● **WHAT TO PRODUCE**
The required output is the lines below from the line containing "(#CS), U5.1 (#CS)" to the line containing "R25.1, U3.8 (GPIO10/SPI1_SCK/UART1_CTS/I2C1_SDA/PWM5)", inclusive, retyped exactly. No other lines belong in it.

(Data records)
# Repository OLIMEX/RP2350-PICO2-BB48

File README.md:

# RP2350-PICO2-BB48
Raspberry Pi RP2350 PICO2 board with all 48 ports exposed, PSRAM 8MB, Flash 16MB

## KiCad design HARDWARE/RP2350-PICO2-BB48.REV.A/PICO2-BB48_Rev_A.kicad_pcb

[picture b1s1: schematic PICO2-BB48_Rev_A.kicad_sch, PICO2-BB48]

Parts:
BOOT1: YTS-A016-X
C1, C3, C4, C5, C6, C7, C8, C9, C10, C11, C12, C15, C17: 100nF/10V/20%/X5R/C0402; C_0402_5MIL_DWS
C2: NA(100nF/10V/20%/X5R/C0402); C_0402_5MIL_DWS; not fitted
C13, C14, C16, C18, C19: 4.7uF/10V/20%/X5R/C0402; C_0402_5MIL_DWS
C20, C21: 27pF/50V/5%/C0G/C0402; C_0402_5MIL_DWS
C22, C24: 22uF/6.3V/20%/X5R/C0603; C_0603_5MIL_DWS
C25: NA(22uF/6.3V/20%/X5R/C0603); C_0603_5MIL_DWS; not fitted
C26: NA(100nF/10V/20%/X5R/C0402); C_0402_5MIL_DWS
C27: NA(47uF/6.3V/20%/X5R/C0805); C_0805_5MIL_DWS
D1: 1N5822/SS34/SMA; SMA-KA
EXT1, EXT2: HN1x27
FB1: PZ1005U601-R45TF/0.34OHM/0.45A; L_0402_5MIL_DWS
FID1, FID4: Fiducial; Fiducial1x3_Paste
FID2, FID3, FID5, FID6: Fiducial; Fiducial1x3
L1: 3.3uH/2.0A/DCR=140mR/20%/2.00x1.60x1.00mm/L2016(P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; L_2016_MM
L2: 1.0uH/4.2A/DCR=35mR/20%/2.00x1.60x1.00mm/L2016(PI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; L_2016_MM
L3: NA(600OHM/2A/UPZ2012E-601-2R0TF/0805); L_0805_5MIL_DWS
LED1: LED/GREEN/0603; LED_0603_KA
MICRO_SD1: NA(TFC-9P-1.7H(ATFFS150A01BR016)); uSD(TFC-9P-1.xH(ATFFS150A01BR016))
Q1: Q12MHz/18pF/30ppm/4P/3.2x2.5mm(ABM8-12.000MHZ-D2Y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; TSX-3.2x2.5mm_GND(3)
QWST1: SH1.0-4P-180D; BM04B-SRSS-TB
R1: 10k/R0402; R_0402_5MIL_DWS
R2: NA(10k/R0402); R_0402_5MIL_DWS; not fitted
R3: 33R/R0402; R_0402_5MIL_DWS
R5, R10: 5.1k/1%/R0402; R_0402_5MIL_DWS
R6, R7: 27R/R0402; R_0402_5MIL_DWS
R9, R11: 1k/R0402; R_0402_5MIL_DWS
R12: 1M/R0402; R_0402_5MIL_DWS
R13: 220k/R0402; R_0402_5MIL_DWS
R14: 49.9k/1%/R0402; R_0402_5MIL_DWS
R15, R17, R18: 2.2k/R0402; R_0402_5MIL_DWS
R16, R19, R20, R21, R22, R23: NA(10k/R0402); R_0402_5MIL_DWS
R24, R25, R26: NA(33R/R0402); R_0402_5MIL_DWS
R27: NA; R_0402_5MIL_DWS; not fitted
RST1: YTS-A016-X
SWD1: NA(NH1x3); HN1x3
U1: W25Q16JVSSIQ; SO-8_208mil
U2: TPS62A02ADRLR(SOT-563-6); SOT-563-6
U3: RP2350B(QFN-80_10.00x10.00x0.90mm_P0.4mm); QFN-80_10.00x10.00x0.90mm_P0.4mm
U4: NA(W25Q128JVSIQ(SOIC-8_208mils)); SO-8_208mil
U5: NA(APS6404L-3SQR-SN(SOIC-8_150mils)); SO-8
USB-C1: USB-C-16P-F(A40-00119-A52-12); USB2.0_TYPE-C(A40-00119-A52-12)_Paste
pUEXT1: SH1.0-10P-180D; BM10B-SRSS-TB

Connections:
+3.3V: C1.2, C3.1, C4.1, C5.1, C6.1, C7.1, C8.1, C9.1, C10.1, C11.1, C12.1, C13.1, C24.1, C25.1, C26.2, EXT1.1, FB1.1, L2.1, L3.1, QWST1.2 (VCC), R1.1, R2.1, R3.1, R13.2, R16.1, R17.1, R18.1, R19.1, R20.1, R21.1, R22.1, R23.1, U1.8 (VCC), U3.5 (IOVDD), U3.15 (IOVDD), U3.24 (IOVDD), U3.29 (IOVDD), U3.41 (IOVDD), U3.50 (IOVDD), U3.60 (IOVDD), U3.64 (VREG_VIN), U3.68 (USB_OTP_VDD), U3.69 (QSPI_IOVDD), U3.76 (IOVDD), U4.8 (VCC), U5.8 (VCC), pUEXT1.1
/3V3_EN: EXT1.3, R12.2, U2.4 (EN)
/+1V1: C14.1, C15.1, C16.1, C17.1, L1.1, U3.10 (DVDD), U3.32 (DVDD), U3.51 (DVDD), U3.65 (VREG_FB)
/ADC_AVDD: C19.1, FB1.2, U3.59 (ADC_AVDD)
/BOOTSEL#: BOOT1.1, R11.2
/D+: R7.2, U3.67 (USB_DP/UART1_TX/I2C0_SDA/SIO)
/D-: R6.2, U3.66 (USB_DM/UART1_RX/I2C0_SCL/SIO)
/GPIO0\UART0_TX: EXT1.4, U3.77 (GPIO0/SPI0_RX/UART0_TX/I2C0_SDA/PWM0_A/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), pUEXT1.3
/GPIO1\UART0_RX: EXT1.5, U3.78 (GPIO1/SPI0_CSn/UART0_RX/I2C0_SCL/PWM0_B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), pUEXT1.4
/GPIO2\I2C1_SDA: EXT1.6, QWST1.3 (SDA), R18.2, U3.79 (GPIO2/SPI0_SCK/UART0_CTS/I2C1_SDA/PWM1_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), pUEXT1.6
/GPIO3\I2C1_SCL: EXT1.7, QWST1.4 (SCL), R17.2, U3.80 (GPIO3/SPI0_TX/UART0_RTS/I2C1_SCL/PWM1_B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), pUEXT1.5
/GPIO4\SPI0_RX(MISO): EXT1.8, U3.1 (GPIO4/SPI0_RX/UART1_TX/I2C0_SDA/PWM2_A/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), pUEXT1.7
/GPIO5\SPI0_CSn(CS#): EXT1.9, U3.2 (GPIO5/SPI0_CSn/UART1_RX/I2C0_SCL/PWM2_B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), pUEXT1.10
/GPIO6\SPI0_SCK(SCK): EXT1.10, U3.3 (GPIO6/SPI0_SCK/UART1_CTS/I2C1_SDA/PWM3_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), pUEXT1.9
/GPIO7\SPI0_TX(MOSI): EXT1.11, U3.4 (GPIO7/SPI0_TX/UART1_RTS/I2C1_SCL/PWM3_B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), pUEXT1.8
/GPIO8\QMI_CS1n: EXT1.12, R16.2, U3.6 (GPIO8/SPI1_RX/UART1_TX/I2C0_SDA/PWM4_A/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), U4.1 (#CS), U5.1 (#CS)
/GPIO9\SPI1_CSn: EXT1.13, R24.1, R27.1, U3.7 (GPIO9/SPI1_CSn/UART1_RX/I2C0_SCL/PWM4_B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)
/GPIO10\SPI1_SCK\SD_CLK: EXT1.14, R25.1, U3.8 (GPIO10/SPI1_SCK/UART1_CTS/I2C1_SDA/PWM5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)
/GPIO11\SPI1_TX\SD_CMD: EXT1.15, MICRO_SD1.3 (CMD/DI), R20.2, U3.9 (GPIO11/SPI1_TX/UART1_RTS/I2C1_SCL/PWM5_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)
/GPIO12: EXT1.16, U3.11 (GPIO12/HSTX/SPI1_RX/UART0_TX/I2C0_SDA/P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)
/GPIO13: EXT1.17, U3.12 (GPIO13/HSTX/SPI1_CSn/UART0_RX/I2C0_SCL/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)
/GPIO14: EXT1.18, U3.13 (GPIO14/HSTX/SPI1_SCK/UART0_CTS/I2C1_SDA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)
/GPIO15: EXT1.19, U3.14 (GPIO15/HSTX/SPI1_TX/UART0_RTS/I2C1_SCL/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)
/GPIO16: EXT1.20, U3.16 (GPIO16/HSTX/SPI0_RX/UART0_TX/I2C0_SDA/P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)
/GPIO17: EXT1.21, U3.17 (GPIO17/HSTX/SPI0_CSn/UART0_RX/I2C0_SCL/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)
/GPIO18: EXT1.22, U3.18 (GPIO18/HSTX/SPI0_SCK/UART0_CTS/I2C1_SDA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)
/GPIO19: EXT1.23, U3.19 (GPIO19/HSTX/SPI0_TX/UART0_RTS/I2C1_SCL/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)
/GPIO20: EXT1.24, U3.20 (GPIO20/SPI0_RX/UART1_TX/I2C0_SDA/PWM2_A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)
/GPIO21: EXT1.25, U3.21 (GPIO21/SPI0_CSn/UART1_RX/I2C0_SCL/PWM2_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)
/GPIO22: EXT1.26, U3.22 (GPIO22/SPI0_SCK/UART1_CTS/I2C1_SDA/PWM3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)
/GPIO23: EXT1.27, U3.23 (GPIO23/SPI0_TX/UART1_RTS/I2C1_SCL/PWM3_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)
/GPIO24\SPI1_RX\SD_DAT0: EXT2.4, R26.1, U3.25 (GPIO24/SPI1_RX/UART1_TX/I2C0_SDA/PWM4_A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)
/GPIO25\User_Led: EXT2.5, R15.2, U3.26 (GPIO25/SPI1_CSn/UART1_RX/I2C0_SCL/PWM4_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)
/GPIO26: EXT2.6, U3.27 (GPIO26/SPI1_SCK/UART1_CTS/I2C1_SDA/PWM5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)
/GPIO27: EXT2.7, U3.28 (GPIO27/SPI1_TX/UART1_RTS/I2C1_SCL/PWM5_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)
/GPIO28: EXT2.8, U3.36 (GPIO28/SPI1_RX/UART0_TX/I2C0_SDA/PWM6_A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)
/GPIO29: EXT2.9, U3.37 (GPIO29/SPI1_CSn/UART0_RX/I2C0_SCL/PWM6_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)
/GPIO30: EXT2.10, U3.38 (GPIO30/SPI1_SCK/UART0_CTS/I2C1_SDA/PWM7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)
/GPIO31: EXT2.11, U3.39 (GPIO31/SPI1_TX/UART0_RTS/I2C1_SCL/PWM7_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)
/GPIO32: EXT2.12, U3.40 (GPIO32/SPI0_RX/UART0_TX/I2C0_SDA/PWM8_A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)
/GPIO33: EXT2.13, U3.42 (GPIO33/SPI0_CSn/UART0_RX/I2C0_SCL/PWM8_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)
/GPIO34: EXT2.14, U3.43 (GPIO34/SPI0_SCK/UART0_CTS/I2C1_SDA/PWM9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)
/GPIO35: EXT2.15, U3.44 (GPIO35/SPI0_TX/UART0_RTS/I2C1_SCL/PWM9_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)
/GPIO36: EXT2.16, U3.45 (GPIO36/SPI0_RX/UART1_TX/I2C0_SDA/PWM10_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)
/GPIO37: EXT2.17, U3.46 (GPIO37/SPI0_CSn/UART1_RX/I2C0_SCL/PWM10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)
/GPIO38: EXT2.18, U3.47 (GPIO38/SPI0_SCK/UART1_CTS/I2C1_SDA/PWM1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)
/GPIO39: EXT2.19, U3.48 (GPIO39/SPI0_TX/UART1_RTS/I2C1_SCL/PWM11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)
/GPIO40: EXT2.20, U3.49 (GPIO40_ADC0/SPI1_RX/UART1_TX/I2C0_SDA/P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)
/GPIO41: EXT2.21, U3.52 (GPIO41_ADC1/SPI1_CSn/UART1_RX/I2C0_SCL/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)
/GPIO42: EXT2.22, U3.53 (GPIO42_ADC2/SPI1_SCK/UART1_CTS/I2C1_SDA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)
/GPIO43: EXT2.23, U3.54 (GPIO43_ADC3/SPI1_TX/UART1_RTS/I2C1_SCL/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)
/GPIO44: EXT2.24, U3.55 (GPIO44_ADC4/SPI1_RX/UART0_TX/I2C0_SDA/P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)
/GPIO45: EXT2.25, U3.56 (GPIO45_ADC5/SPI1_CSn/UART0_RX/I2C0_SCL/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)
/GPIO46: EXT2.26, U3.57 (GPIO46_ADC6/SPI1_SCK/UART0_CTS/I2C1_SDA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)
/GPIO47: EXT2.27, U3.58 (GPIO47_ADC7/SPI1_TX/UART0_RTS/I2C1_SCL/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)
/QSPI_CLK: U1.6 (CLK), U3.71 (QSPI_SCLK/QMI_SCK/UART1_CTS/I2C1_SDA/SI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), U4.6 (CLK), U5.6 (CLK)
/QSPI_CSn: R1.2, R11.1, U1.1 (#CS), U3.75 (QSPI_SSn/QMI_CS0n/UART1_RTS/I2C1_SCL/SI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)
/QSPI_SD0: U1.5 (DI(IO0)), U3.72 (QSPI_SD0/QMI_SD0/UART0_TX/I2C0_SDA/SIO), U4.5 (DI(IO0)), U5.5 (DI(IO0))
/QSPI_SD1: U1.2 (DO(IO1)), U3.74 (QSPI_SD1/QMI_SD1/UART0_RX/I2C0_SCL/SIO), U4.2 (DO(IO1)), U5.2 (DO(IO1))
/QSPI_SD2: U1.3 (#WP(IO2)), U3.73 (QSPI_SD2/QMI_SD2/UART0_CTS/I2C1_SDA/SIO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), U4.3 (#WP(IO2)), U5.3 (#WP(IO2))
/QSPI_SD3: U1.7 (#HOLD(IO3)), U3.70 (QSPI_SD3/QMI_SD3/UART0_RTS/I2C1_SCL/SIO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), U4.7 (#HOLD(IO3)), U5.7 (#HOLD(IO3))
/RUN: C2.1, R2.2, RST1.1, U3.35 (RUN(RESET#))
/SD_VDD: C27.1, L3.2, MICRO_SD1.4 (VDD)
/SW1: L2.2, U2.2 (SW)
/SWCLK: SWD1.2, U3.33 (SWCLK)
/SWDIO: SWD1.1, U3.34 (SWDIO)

● **SOLUTION TO THE PROBLEM**
/GPIO8\QMI_CS1n: EXT1.12, R16.2, U3.6 (GPIO8/SPI1_RX/UART1_TX/I2C0_SDA/PWM4_A/), U4.1 (#CS), U5.1 (#CS)
/GPIO9\SPI1_CSn: EXT1.13, R24.1, R27.1, U3.7 (GPIO9/SPI1_CSn/UART1_RX/I2C0_SCL/PWM4_B)
/GPIO10\SPI1_SCK\SD_CLK: EXT1.14, R25.1, U3.8 (GPIO10/SPI1_SCK/UART1_CTS/I2C1_SDA/PWM5)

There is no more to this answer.